There’s a lot of outrage about fidget spinners right now. Some teachers are saying ban them! Other teachers are saying, Let students have them.
It’s a stupid argument.
Remember yo-yo’s? Finger skateboards? gear-powered spinning tops? String powered spinning tops? How about Rubik’s Cubes which made a comeback a couple of years back? Wind-up cars that did tricks?
Fidget Spinners have a place and a time in children’s hands. And as some of you know, one of my mantras or principles is that What the Hands Do, the Mind Knows. But here’s the thing. If you don’t want the latest finger-toy-de-jour in your classroom, then you have to find other ways to put those hands to work, learning actual hand skills:
- teach calligraphy
- teach knitting
- teach drawing
- teach geometry with an actual ruler and compass
- teach the use of a slide rule or abacus
- teach the building of automata (cogs and gears)
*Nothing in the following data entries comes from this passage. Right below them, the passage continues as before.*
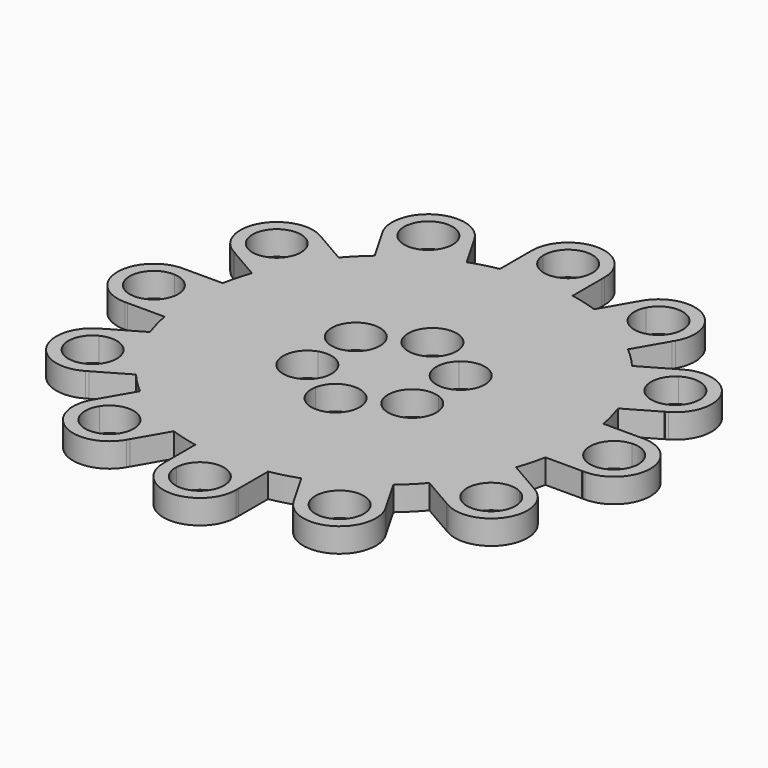
from build123d import *

# Parameters (mm, degrees)
F1_DEPTH = 1


with BuildPart() as f1:
    # F0 (on Top) → F1 (new body)
    with BuildSketch(Plane.XY):
        with BuildLine():
            ThreePointArc((9.4473684211, -0.9986139979), (8.5, 0), (9.4473684211, 0.9986139979))
            ThreePointArc((9.4473684211, 0.9986139979), (9.4177488558, 1.2473998912), (9.3815789474, 1.4953181783))
            ThreePointArc((9.3815789474, 1.4953181783), (9.3812055256, 1.4976591358), (9.3808315196, 1.5))
            Line((9.3808315196, 1.5), (7.8581168228, 1.5))
            ThreePointArc((7.8581168228, 1.5), (7.964450219, 0.7533476681), (8, 0))
            ThreePointArc((8, 0), (7.964450219, -0.7533476681), (7.8581168228, -1.5))
            Line((7.8581168228, -1.5), (9.3808315196, -1.5))
            ThreePointArc((9.3808315196, -1.5), (9.3812055256, -1.4976591358), (9.3815789474, -1.4953181783))
            ThreePointArc((9.3815789474, -1.4953181783), (9.4177488558, -1.2473998912), (9.4473684211, -0.9986139979))
        make_face()
        with BuildLine():
            ThreePointArc((9.3815789474, 1.4953181783), (9.4177488558, 1.2473998912), (9.4473684211, 0.9986139979))
            ThreePointArc((9.4473684211, 0.9986139979), (10.1882472016, 0.7254762501), (10.5, 0))
            ThreePointArc((10.5, 0), (10.1882472016, -0.7254762501), (9.4473684211, -0.9986139979))
            ThreePointArc((9.4473684211, -0.9986139979), (9.4177488558, -1.2473998912), (9.3815789474, -1.4953181783))
            ThreePointArc((9.3815789474, -1.4953181783), (9.4407432173, -1.4988290876), (9.5, -1.5))
            ThreePointArc((9.5, -1.5), (11, 0), (9.5, 1.5))
            ThreePointArc((9.5, 1.5), (9.4407432173, 1.4988290876), (9.3815789474, 1.4953181783))
        make_face()
        with BuildLine():
            Line((7.5553287944, 2.6300203057), (8.8740384046, 3.3913776541))
            ThreePointArc((8.8740384046, 3.3913776541), (8.8731918712, 3.393591905), (8.8723447852, 3.3958059446))
            ThreePointArc((8.8723447852, 3.3958059446), (8.7797097012, 3.6285944334), (8.6809680505, 3.8588591197))
            ThreePointArc((8.6809680505, 3.8588591197), (7.3612159322, 4.25), (7.6823540526, 5.5885093013))
            ThreePointArc((7.6823540526, 5.5885093013), (7.53230981, 5.7891544224), (7.3770266069, 5.9857730028))
            ThreePointArc((7.3770266069, 5.9857730028), (7.3755327354, 5.9876136206), (7.3740384046, 5.9894538655))
            Line((7.3740384046, 5.9894538655), (6.0553287944, 5.2280965171))
            ThreePointArc((6.0553287944, 5.2280965171), (6.9282032303, 4), (7.5553287944, 2.6300203057))
        make_face()
        with BuildLine():
            ThreePointArc((8, 0), (7.964450219, 0.7533476681), (7.8581168228, 1.5))
            ThreePointArc((7.8581168228, 1.5), (7.7274066103, 2.0705523608), (7.5553287944, 2.6300203057))
            ThreePointArc((7.5553287944, 2.6300203057), (6.9282032303, 4), (6.0553287944, 5.2280965171))
            ThreePointArc((6.0553287944, 5.2280965171), (5.6568542495, 5.6568542495), (5.2280965171, 6.0553287944))
            ThreePointArc((5.2280965171, 6.0553287944), (4, 6.9282032303), (2.6300203057, 7.5553287944))
            ThreePointArc((2.6300203057, 7.5553287944), (2.0705523608, 7.7274066103), (1.5, 7.8581168228))
            ThreePointArc((1.5, 7.8581168228), (0, 8), (-1.5, 7.8581168228))
            ThreePointArc((-1.5, 7.8581168228), (-2.0705523608, 7.7274066103), (-2.6300203057, 7.5553287944))
            ThreePointArc((-2.6300203057, 7.5553287944), (-4, 6.9282032303), (-5.2280965171, 6.0553287944))
            ThreePointArc((-5.2280965171, 6.0553287944), (-5.6568542495, 5.6568542495), (-6.0553287944, 5.2280965171))
            ThreePointArc((-6.0553287944, 5.2280965171), (-6.9282032303, 4), (-7.5553287944, 2.6300203057))
            ThreePointArc((-7.5553287944, 2.6300203057), (-7.7274066103, 2.0705523608), (-7.8581168228, 1.5))
            ThreePointArc((-7.8581168228, 1.5), (-8, 0), (-7.8581168228, -1.5))
            ThreePointArc((-7.8581168228, -1.5), (-7.7274066103, -2.0705523608), (-7.5553287944, -2.6300203057))
            ThreePointArc((-7.5553287944, -2.6300203057), (-6.9282032303, -4), (-6.0553287944, -5.2280965171))
            ThreePointArc((-6.0553287944, -5.2280965171), (-5.6568542495, -5.6568542495), (-5.2280965171, -6.0553287944))
            ThreePointArc((-5.2280965171, -6.0553287944), (-4, -6.9282032303), (-2.6300203057, -7.5553287944))
            ThreePointArc((-2.6300203057, -7.5553287944), (-2.0705523608, -7.7274066103), (-1.5, -7.8581168228))
            ThreePointArc((-1.5, -7.8581168228), (0, -8), (1.5, -7.8581168228))
            ThreePointArc((1.5, -7.8581168228), (2.0705523608, -7.7274066103), (2.6300203057, -7.5553287944))
            ThreePointArc((2.6300203057, -7.5553287944), (4, -6.9282032303), (5.2280965171, -6.0553287944))
            ThreePointArc((5.2280965171, -6.0553287944), (5.6568542495, -5.6568542495), (6.0553287944, -5.2280965171))
            ThreePointArc((6.0553287944, -5.2280965171), (6.9282032303, -4), (7.5553287944, -2.6300203057))
            ThreePointArc((7.5553287944, -2.6300203057), (7.7274066103, -2.0705523608), (7.8581168228, -1.5))
            ThreePointArc((7.8581168228, -1.5), (7.964450219, -0.7533476681), (8, 0))
        make_face()
        with BuildLine():
            ThreePointArc((2.4817563773, 0.3014718626), (2.4954349263, 0.1510116831), (2.5, 0))
            ThreePointArc((2.5, 0), (2.4954349263, -0.1510116831), (2.4817563773, -0.3014718626))
            ThreePointArc((2.4817563773, -0.3014718626), (2.9764490121, -0.6654886091), (3.1650635095, -1.25))
            ThreePointArc((3.1650635095, -1.25), (2.5754882716, -2.1618944646), (1.5019604801, -1.9985281374))
            ThreePointArc((1.5019604801, -1.9985281374), (1.25, -2.1650635095), (0.9797958971, -2.3))
            ThreePointArc((0.9797958971, -2.3), (0.994936153, -2.399491038), (1, -2.5))
            ThreePointArc((1, -2.5), (-0.100508962, -3.494936153), (-0.9797958971, -2.3))
            ThreePointArc((-0.9797958971, -2.3), (-1.25, -2.1650635095), (-1.5019604801, -1.9985281374))
            ThreePointArc((-1.5019604801, -1.9985281374), (-3.0310889132, -1.75), (-2.4817563773, -0.3014718626))
            ThreePointArc((-2.4817563773, -0.3014718626), (-2.5, 0), (-2.4817563773, 0.3014718626))
            ThreePointArc((-2.4817563773, 0.3014718626), (-3.0310889132, 1.75), (-1.5019604801, 1.9985281374))
            ThreePointArc((-1.5019604801, 1.9985281374), (-1.25, 2.1650635095), (-0.9797958971, 2.3))
            ThreePointArc((-0.9797958971, 2.3), (-0.100508962, 3.494936153), (1, 2.5))
            ThreePointArc((1, 2.5), (0.994936153, 2.399491038), (0.9797958971, 2.3))
            ThreePointArc((0.9797958971, 2.3), (1.25, 2.1650635095), (1.5019604801, 1.9985281374))
            ThreePointArc((1.5019604801, 1.9985281374), (2.5754882716, 2.1618944646), (3.1650635095, 1.25))
            ThreePointArc((3.1650635095, 1.25), (2.9764490121, 0.6654886091), (2.4817563773, 0.3014718626))
        make_face(mode=Mode.SUBTRACT)
        with BuildLine():
            ThreePointArc((8.8723447852, -3.3958059446), (8.8731918712, -3.393591905), (8.8740384046, -3.3913776541))
            Line((8.8740384046, -3.3913776541), (7.5553287944, -2.6300203057))
            ThreePointArc((7.5553287944, -2.6300203057), (6.9282032303, -4), (6.0553287944, -5.2280965171))
            Line((6.0553287944, -5.2280965171), (7.3740384046, -5.9894538655))
            ThreePointArc((7.3740384046, -5.9894538655), (7.3755327354, -5.9876136206), (7.3770266069, -5.9857730028))
            ThreePointArc((7.3770266069, -5.9857730028), (7.53230981, -5.7891544224), (7.6823540526, -5.5885093013))
            ThreePointArc((7.6823540526, -5.5885093013), (7.3612159322, -4.25), (8.6809680505, -3.8588591197))
            ThreePointArc((8.6809680505, -3.8588591197), (8.7797097012, -3.6285944334), (8.8723447852, -3.3958059446))
        make_face()
        with BuildLine():
            ThreePointArc((8.6809680505, 3.8588591197), (8.7797097012, 3.6285944334), (8.8723447852, 3.3958059446))
            ThreePointArc((8.8723447852, 3.3958059446), (8.9253380006, 3.4223475429), (8.977241336, 3.4509618943))
            ThreePointArc((8.977241336, 3.4509618943), (9.5262794416, 5.5), (7.477241336, 6.0490381057))
            ThreePointArc((7.477241336, 6.0490381057), (7.4265089131, 6.0183956744), (7.3770266069, 5.9857730028))
            ThreePointArc((7.3770266069, 5.9857730028), (7.53230981, 5.7891544224), (7.6823540526, 5.5885093013))
            ThreePointArc((7.6823540526, 5.5885093013), (8.7042700126, 5.6288877299), (9.227241336, 4.75))
            ThreePointArc((9.227241336, 4.75), (9.0798041532, 4.2273752372), (8.6809680505, 3.8588591197))
        make_face()
        with BuildLine():
            ThreePointArc((8.977241336, -3.4509618943), (8.9253380006, -3.4223475429), (8.8723447852, -3.3958059446))
            ThreePointArc((8.8723447852, -3.3958059446), (8.7797097012, -3.6285944334), (8.6809680505, -3.8588591197))
            ThreePointArc((8.6809680505, -3.8588591197), (9.0798041532, -4.2273752372), (9.227241336, -4.75))
            ThreePointArc((9.227241336, -4.75), (8.7042700126, -5.6288877299), (7.6823540526, -5.5885093013))
            ThreePointArc((7.6823540526, -5.5885093013), (7.53230981, -5.7891544224), (7.3770266069, -5.9857730028))
            ThreePointArc((7.3770266069, -5.9857730028), (7.4265089131, -6.0183956744), (7.477241336, -6.0490381057))
            ThreePointArc((7.477241336, -6.0490381057), (9.5262794416, -5.5), (8.977241336, -3.4509618943))
        make_face()
        with BuildLine():
            ThreePointArc((2.6300203057, 7.5553287944), (4, 6.9282032303), (5.2280965171, 6.0553287944))
            Line((5.2280965171, 6.0553287944), (5.9894538655, 7.3740384046))
            ThreePointArc((5.9894538655, 7.3740384046), (5.9876136206, 7.3755327354), (5.9857730028, 7.3770266069))
            ThreePointArc((5.9857730028, 7.3770266069), (5.7891544224, 7.53230981), (5.5885093013, 7.6823540526))
            ThreePointArc((5.5885093013, 7.6823540526), (4.25, 7.3612159322), (3.8588591197, 8.6809680505))
            ThreePointArc((3.8588591197, 8.6809680505), (3.6285944334, 8.7797097012), (3.3958059446, 8.8723447852))
            ThreePointArc((3.3958059446, 8.8723447852), (3.393591905, 8.8731918712), (3.3913776541, 8.8740384046))
            Line((3.3913776541, 8.8740384046), (2.6300203057, 7.5553287944))
        make_face()
        with BuildLine():
            Line((5.9894538655, -7.3740384046), (5.2280965171, -6.0553287944))
            ThreePointArc((5.2280965171, -6.0553287944), (4, -6.9282032303), (2.6300203057, -7.5553287944))
            Line((2.6300203057, -7.5553287944), (3.3913776541, -8.8740384046))
            ThreePointArc((3.3913776541, -8.8740384046), (3.393591905, -8.8731918712), (3.3958059446, -8.8723447852))
            ThreePointArc((3.3958059446, -8.8723447852), (3.6285944334, -8.7797097012), (3.8588591197, -8.6809680505))
            ThreePointArc((3.8588591197, -8.6809680505), (4.25, -7.3612159322), (5.5885093013, -7.6823540526))
            ThreePointArc((5.5885093013, -7.6823540526), (5.7891544224, -7.53230981), (5.9857730028, -7.3770266069))
            ThreePointArc((5.9857730028, -7.3770266069), (5.9876136206, -7.3755327354), (5.9894538655, -7.3740384046))
        make_face()
        with BuildLine():
            ThreePointArc((5.5885093013, 7.6823540526), (5.7891544224, 7.53230981), (5.9857730028, 7.3770266069))
            ThreePointArc((5.9857730028, 7.3770266069), (6.0183956744, 7.4265089131), (6.0490381057, 7.477241336))
            ThreePointArc((6.0490381057, 7.477241336), (5.5, 9.5262794416), (3.4509618943, 8.977241336))
            ThreePointArc((3.4509618943, 8.977241336), (3.4223475429, 8.9253380006), (3.3958059446, 8.8723447852))
            ThreePointArc((3.3958059446, 8.8723447852), (3.6285944334, 8.7797097012), (3.8588591197, 8.6809680505))
            ThreePointArc((3.8588591197, 8.6809680505), (4.9833014356, 9.1996457992), (5.75, 8.227241336))
            ThreePointArc((5.75, 8.227241336), (5.7087776857, 7.9430840743), (5.5885093013, 7.6823540526))
        make_face()
        with BuildLine():
            ThreePointArc((-1.5, 7.8581168228), (0, 8), (1.5, 7.8581168228))
            Line((1.5, 7.8581168228), (1.5, 9.3808315196))
            ThreePointArc((1.5, 9.3808315196), (1.4976591358, 9.3812055256), (1.4953181783, 9.3815789474))
            ThreePointArc((1.4953181783, 9.3815789474), (1.2473998912, 9.4177488558), (0.9986139979, 9.4473684211))
            ThreePointArc((0.9986139979, 9.4473684211), (0, 8.5), (-0.9986139979, 9.4473684211))
            ThreePointArc((-0.9986139979, 9.4473684211), (-1.2473998912, 9.4177488558), (-1.4953181783, 9.3815789474))
            ThreePointArc((-1.4953181783, 9.3815789474), (-1.4976591358, 9.3812055256), (-1.5, 9.3808315196))
            Line((-1.5, 9.3808315196), (-1.5, 7.8581168228))
        make_face()
        with BuildLine():
            ThreePointArc((6.0490381057, -7.477241336), (6.0183956744, -7.4265089131), (5.9857730028, -7.3770266069))
            ThreePointArc((5.9857730028, -7.3770266069), (5.7891544224, -7.53230981), (5.5885093013, -7.6823540526))
            ThreePointArc((5.5885093013, -7.6823540526), (5.7087776857, -7.9430840743), (5.75, -8.227241336))
            ThreePointArc((5.75, -8.227241336), (4.9833014356, -9.1996457992), (3.8588591197, -8.6809680505))
            ThreePointArc((3.8588591197, -8.6809680505), (3.6285944334, -8.7797097012), (3.3958059446, -8.8723447852))
            ThreePointArc((3.3958059446, -8.8723447852), (3.4223475429, -8.9253380006), (3.4509618943, -8.977241336))
            ThreePointArc((3.4509618943, -8.977241336), (5.5, -9.5262794416), (6.0490381057, -7.477241336))
        make_face()
        with BuildLine():
            Line((1.5, -9.3808315196), (1.5, -7.8581168228))
            ThreePointArc((1.5, -7.8581168228), (0, -8), (-1.5, -7.8581168228))
            Line((-1.5, -7.8581168228), (-1.5, -9.3808315196))
            ThreePointArc((-1.5, -9.3808315196), (-1.4976591358, -9.3812055256), (-1.4953181783, -9.3815789474))
            ThreePointArc((-1.4953181783, -9.3815789474), (-1.2473998912, -9.4177488558), (-0.9986139979, -9.4473684211))
            ThreePointArc((-0.9986139979, -9.4473684211), (0, -8.5), (0.9986139979, -9.4473684211))
            ThreePointArc((0.9986139979, -9.4473684211), (1.2473998912, -9.4177488558), (1.4953181783, -9.3815789474))
            ThreePointArc((1.4953181783, -9.3815789474), (1.4976591358, -9.3812055256), (1.5, -9.3808315196))
        make_face()
        with BuildLine():
            ThreePointArc((-5.2280965171, 6.0553287944), (-4, 6.9282032303), (-2.6300203057, 7.5553287944))
            Line((-2.6300203057, 7.5553287944), (-3.3913776541, 8.8740384046))
            ThreePointArc((-3.3913776541, 8.8740384046), (-3.393591905, 8.8731918712), (-3.3958059446, 8.8723447852))
            ThreePointArc((-3.3958059446, 8.8723447852), (-3.6285944334, 8.7797097012), (-3.8588591197, 8.6809680505))
            ThreePointArc((-3.8588591197, 8.6809680505), (-3.7775955368, 8.4605427716), (-3.75, 8.227241336))
            ThreePointArc((-3.75, 8.227241336), (-4.4658427384, 7.2684636502), (-5.5885093013, 7.6823540526))
            ThreePointArc((-5.5885093013, 7.6823540526), (-5.7910337944, 7.5308649963), (-5.9894538655, 7.3740384046))
            Line((-5.9894538655, 7.3740384046), (-5.2280965171, 6.0553287944))
        make_face()
        with BuildLine():
            ThreePointArc((0.9986139979, 9.4473684211), (1.2473998912, 9.4177488558), (1.4953181783, 9.3815789474))
            ThreePointArc((1.4953181783, 9.3815789474), (1.4988290876, 9.4407432173), (1.5, 9.5))
            ThreePointArc((1.5, 9.5), (0, 11), (-1.5, 9.5))
            ThreePointArc((-1.5, 9.5), (-1.4988290876, 9.4407432173), (-1.4953181783, 9.3815789474))
            ThreePointArc((-1.4953181783, 9.3815789474), (-1.2473998912, 9.4177488558), (-0.9986139979, 9.4473684211))
            ThreePointArc((-0.9986139979, 9.4473684211), (-0.0263249127, 10.4996534394), (1, 9.5))
            ThreePointArc((1, 9.5), (0.9996534394, 9.4736750873), (0.9986139979, 9.4473684211))
        make_face()
        with BuildLine():
            Line((-3.3913776541, -8.8740384046), (-2.6300203057, -7.5553287944))
            ThreePointArc((-2.6300203057, -7.5553287944), (-4, -6.9282032303), (-5.2280965171, -6.0553287944))
            Line((-5.2280965171, -6.0553287944), (-5.9894538655, -7.3740384046))
            ThreePointArc((-5.9894538655, -7.3740384046), (-5.9876136206, -7.3755327354), (-5.9857730028, -7.3770266069))
            ThreePointArc((-5.9857730028, -7.3770266069), (-5.7891544224, -7.53230981), (-5.5885093013, -7.6823540526))
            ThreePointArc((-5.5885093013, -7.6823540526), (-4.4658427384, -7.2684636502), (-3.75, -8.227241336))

- teach carpentry and build yo-yos, finger skateboards, spinning tops, and fidget spinners.
- teach contact juggling
- teach juggling
- teach beading
- teach woodcarving
- teach origami
- teach flint-knapping
- teach ceramics throwing on a wheel
- teach students 3D geometry through the assembly of nets of the Platonic solids.
- teach color theory and coloring at a more advanced level through color pencils.
The fidget spinner is an outward and visible sign of an inward need — a need for the hands to learn something. Kids’ hands fidget because they’re of an age to want to do something, not just sit still.
(And I KNOW that we’re not making them sit still in schools — that they’re doing personal practice as well as listening, reading, writing, reflecting on their work and all that sort of stuff. That’s not what this is about).
Human beings need to use their hands. We learn things through manual dexterity, through touch, through manipulation of objects. Our constant rejection of the toys-de-jour, be they yo-yos or balsa wood flyers or paper airplanes or fidget toys is part of the reason kids don’t learn as much in school as they could.
So if you want to fidget-spinner proof your classroom… figure out WHAT tool or hand-skill you want your students to have, learn HOW to teach it, and then TEACH THAT.